* [Problem requirements]: Your task is to copy the records that follow exactly, minus any images.
[Records for the task Boundary: Start]
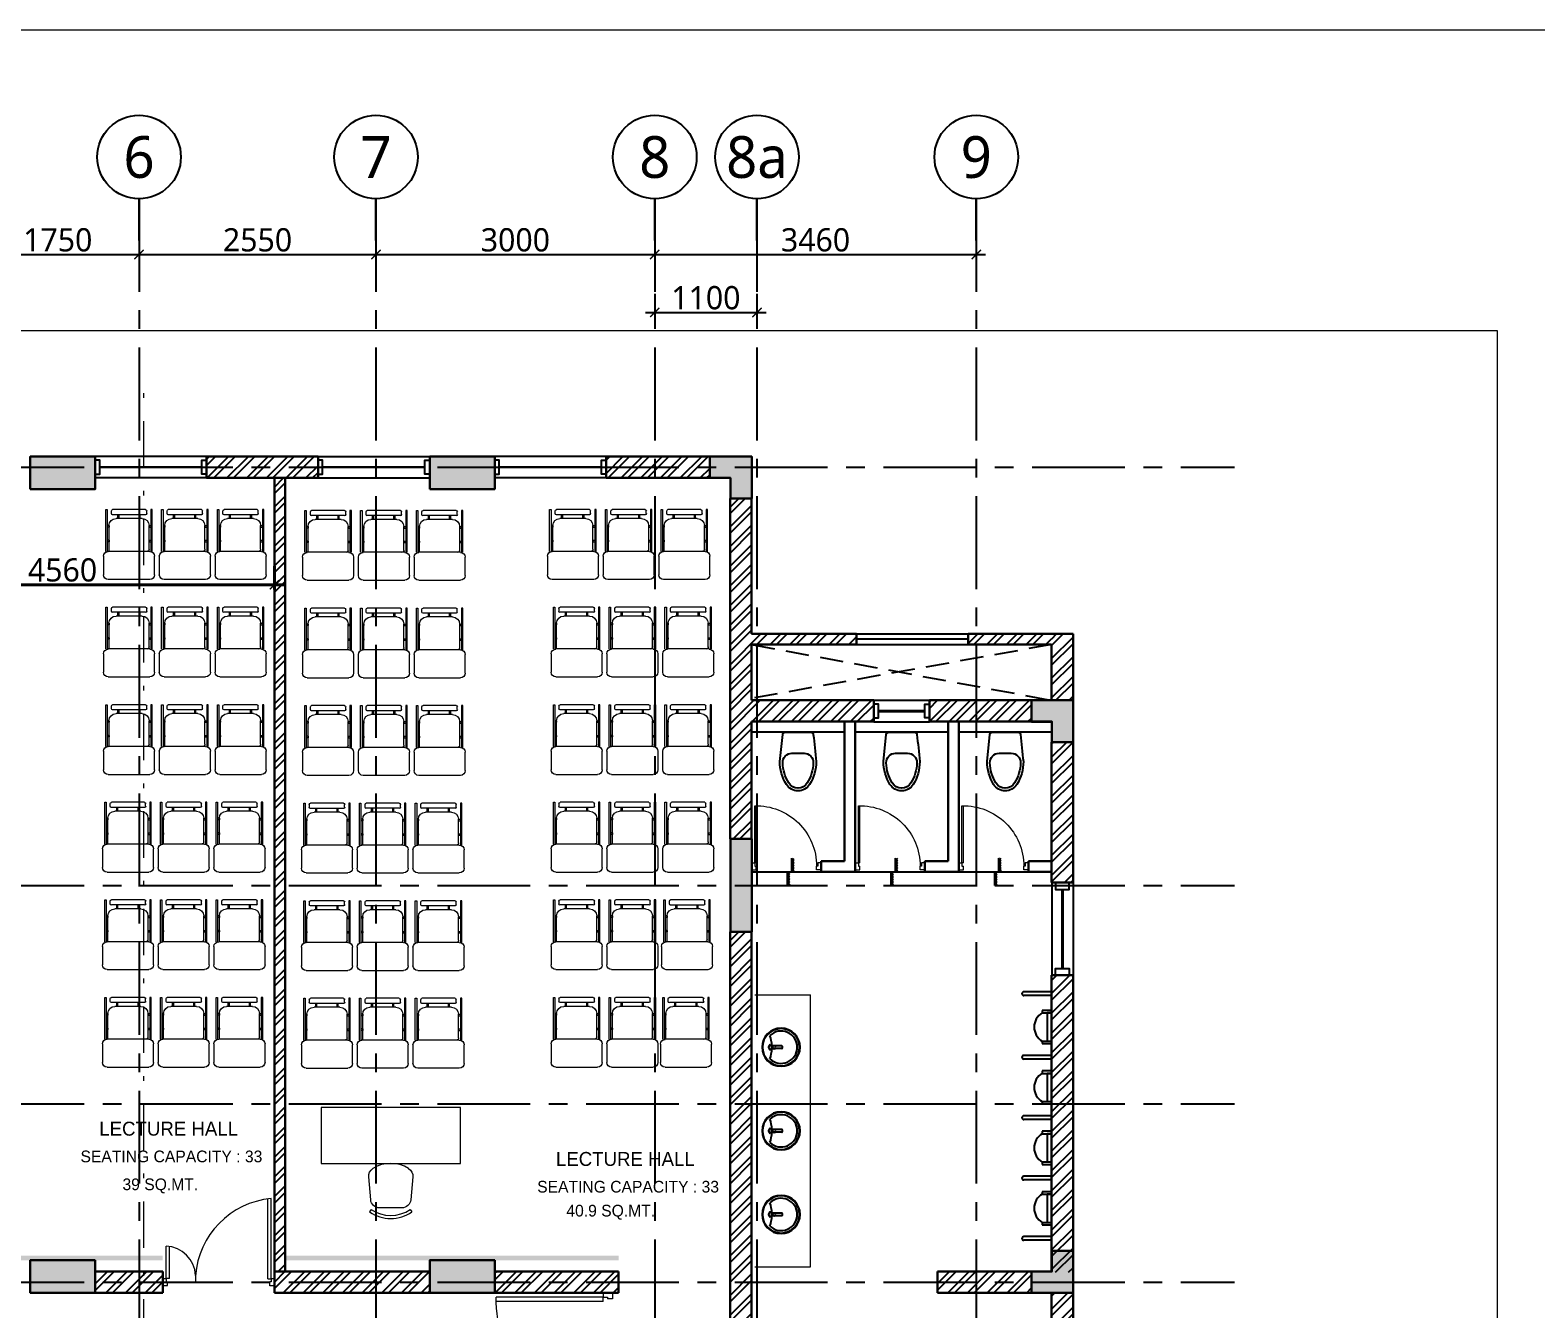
# Model space of a CAD drawing. Header units: millimetres. Extents: x 235412 to 469227, y 103223 to 235913.
# Drawn here: x 437359 to 453564, y 222149 to 235913 of the extents above; entities that cross this region are included whole.
import ezdxf
from ezdxf.enums import TextEntityAlignment as Align

# ---------------------------------------------------------------- set-up
doc = ezdxf.new("R2010")
doc.units = ezdxf.units.MM
doc.header["$MEASUREMENT"] = 0
doc.header["$PDMODE"] = 67
for name, pattern in [('ACAD_ISO05W100', [36, 24, -3, 0, -3, 0, -3, 0, -3]), ('CENTER', [2, 1.25, -0.25, 0.25, -0.25]), ('Dash', [6, 3, -3]), ('Dash dot', [21, 10, -5, 1, -5]), ('HIDDEN', [0.375, 0.25, -0.125])]:
    doc.linetypes.add(name, pattern=pattern)
for name, color, linetype, lineweight in [('A- Ground line', 60, 'Continuous', 40), ('A-Detail Lines', 8, 'Continuous', 25), ('A-Door', 4, 'Continuous', 9), ('A-Wall Sec', 1, 'Continuous', 30), ('Ann_TitleBlock 2', 5, 'Continuous', 25), ('Anno_Tittleblock', 5, 'Continuous', 13), ('column hatch', 12, 'Continuous', 5), ('dim', 251, 'Continuous', 5), ('elevation', 4, 'Continuous', 13), ('FLOOR', 41, 'Continuous', 5), ('S-Concrete', 40, 'Continuous', 30), ('Section lines', 8, 'Continuous', 13), ('TAGS 2', 30, 'Continuous', 9)]:
    doc.layers.add(name, color=color, linetype=linetype, lineweight=lineweight)
for name, color, linetype in [('A-Anno-Dims', 7, 'Continuous'), ('A-Anno-Grid Lines', 162, 'Continuous'), ('A-Elevation', 4, 'Continuous'), ('A-Sanitory', 181, 'Continuous'), ('A-Wall Patt', 8, 'Continuous'), ('A-Window', 4, 'Continuous'), ('Anno_Frames', 7, 'Continuous'), ('Anno_Labels', 7, 'Continuous'), ('S-Conc Patt', 9, 'Continuous')]:
    doc.layers.add(name, color=color, linetype=linetype)
for name, color, linetype, lineweight, true_color in [('frntr', 32, 'Continuous', 9, 0xbd5e00), ('I-Furniture', 32, 'Continuous', 15, 0xbd5e00), ('WALL BOARDS', 7, 'Continuous', 5, 0xe018f7)]:
    doc.layers.add(name, color=color, linetype=linetype, lineweight=lineweight, true_color=true_color)
doc.styles.add('IIITD @ 100', font='trebuc.ttf', dxfattribs={"height": 210})
doc.styles.get("Standard").update_dxf_attribs({"font": 'trebuc.ttf'})
doc.styles.add('TITLE', font='swissel.ttf', dxfattribs={"height": 4.3})
doc.dimstyles.new('IIITD_WD_L @ 100', dxfattribs={"dimscale": 100, "dimtxt": 2.5, "dimasz": 1, "dimexe": 0.5, "dimexo": 0.25, "dimgap": 0.3, "dimtad": 1, "dimdec": 0, "dimrnd": 1, "dimzin": 0, "dimdsep": 46, "dimtxsty": 'Standard', "dimblk": 'ARCHTICK', "dimcen": 0.2, "dimdle": 1, "dimclrd": 8, "dimclre": 9, "dimadec": 0, "dimazin": 0, "dimtfac": 1, "dimtdec": 0, "dimtofl": 0, "dimtmove": 0, "dimatfit": 0, "dimfxl": 2, "dimfxlon": 1, "dimtolj": 1, "dimtzin": 0, "dimlwd": -1, "dimlwe": -1, "dimarcsym": 0})
pattern_1 = [(45, (1563.16, 482182.7), (-106.066017, 106.066017), []), (45, (1633.87, 482182.7), (-106.066017, 106.066017), [])]
pattern_2 = [(45, (1563.16, 482182.7), (-106.066017, 106.066017), []), (45, (1633.87, 482182.7), (-106.066017, 106.066017), [])]

# ---------------------------------------------------------------- blocks, each defined once
blk = doc.blocks.new('Grid Head')
blk.add_circle((0, 0), 3)
at = {"layer": 'Anno_Labels'}
blk.add_attdef('GRID_NAME', text='', height=3, dxfattribs=at).set_placement((0, 0), align=Align.MIDDLE_CENTER)
blk = doc.blocks.new('_ArchTick')
at = {"color": 0, "linetype": 'ByBlock', "const_width": 0.15}
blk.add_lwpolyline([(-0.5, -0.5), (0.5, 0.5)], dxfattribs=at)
[Records for the task Boundary: End]
* [Response box]:
# Model space of a CAD drawing. Header units: millimetres. Extents: x 235412 to 469227, y 103223 to 235913.
# Drawn here: x 437359 to 453564, y 222149 to 235913 of the extents above; entities that cross this region are included whole.
import ezdxf
from ezdxf.enums import TextEntityAlignment as Align

# ---------------------------------------------------------------- set-up
doc = ezdxf.new("R2010")
doc.units = ezdxf.units.MM
doc.header["$MEASUREMENT"] = 0
doc.header["$PDMODE"] = 67
for name, pattern in [('ACAD_ISO05W100', [36, 24, -3, 0, -3, 0, -3, 0, -3]), ('CENTER', [2, 1.25, -0.25, 0.25, -0.25]), ('Dash', [6, 3, -3]), ('Dash dot', [21, 10, -5, 1, -5]), ('HIDDEN', [0.375, 0.25, -0.125])]:
    doc.linetypes.add(name, pattern=pattern)
for name, color, linetype, lineweight in [('A- Ground line', 60, 'Continuous', 40), ('A-Detail Lines', 8, 'Continuous', 25), ('A-Door', 4, 'Continuous', 9), ('A-Wall Sec', 1, 'Continuous', 30), ('Ann_TitleBlock 2', 5, 'Continuous', 25), ('Anno_Tittleblock', 5, 'Continuous', 13), ('column hatch', 12, 'Continuous', 5), ('dim', 251, 'Continuous', 5), ('elevation', 4, 'Continuous', 13), ('FLOOR', 41, 'Continuous', 5), ('S-Concrete', 40, 'Continuous', 30), ('Section lines', 8, 'Continuous', 13), ('TAGS 2', 30, 'Continuous', 9)]:
    doc.layers.add(name, color=color, linetype=linetype, lineweight=lineweight)
for name, color, linetype in [('A-Anno-Dims', 7, 'Continuous'), ('A-Anno-Grid Lines', 162, 'Continuous'), ('A-Elevation', 4, 'Continuous'), ('A-Sanitory', 181, 'Continuous'), ('A-Wall Patt', 8, 'Continuous'), ('A-Window', 4, 'Continuous'), ('Anno_Frames', 7, 'Continuous'), ('Anno_Labels', 7, 'Continuous'), ('S-Conc Patt', 9, 'Continuous')]:
    doc.layers.add(name, color=color, linetype=linetype)
for name, color, linetype, lineweight, true_color in [('frntr', 32, 'Continuous', 9, 0xbd5e00), ('I-Furniture', 32, 'Continuous', 15, 0xbd5e00), ('WALL BOARDS', 7, 'Continuous', 5, 0xe018f7)]:
    doc.layers.add(name, color=color, linetype=linetype, lineweight=lineweight, true_color=true_color)
doc.styles.add('IIITD @ 100', font='trebuc.ttf', dxfattribs={"height": 210})
doc.styles.get("Standard").update_dxf_attribs({"font": 'trebuc.ttf'})
doc.styles.add('TITLE', font='swissel.ttf', dxfattribs={"height": 4.3})
doc.dimstyles.new('IIITD_WD_L @ 100', dxfattribs={"dimscale": 100, "dimtxt": 2.5, "dimasz": 1, "dimexe": 0.5, "dimexo": 0.25, "dimgap": 0.3, "dimtad": 1, "dimdec": 0, "dimrnd": 1, "dimzin": 0, "dimdsep": 46, "dimtxsty": 'Standard', "dimblk": 'ARCHTICK', "dimcen": 0.2, "dimdle": 1, "dimclrd": 8, "dimclre": 9, "dimadec": 0, "dimazin": 0, "dimtfac": 1, "dimtdec": 0, "dimtofl": 0, "dimtmove": 0, "dimatfit": 0, "dimfxl": 2, "dimfxlon": 1, "dimtolj": 1, "dimtzin": 0, "dimlwd": -1, "dimlwe": -1, "dimarcsym": 0})
pattern_1 = [(45, (1563.16, 482182.7), (-106.066017, 106.066017), []), (45, (1633.87, 482182.7), (-106.066017, 106.066017), [])]
pattern_2 = [(45, (1563.16, 482182.7), (-106.066017, 106.066017), []), (45, (1633.87, 482182.7), (-106.066017, 106.066017), [])]

# ---------------------------------------------------------------- blocks, each defined once
blk = doc.blocks.new('Grid Head')
blk.add_circle((0, 0), 3)
at = {"layer": 'Anno_Labels'}
blk.add_attdef('GRID_NAME', text='', height=3, dxfattribs=at).set_placement((0, 0), align=Align.MIDDLE_CENTER)
blk = doc.blocks.new('_ArchTick')
at = {"color": 0, "linetype": 'ByBlock', "const_width": 0.15}
blk.add_lwpolyline([(-0.5, -0.5), (0.5, 0.5)], dxfattribs=at)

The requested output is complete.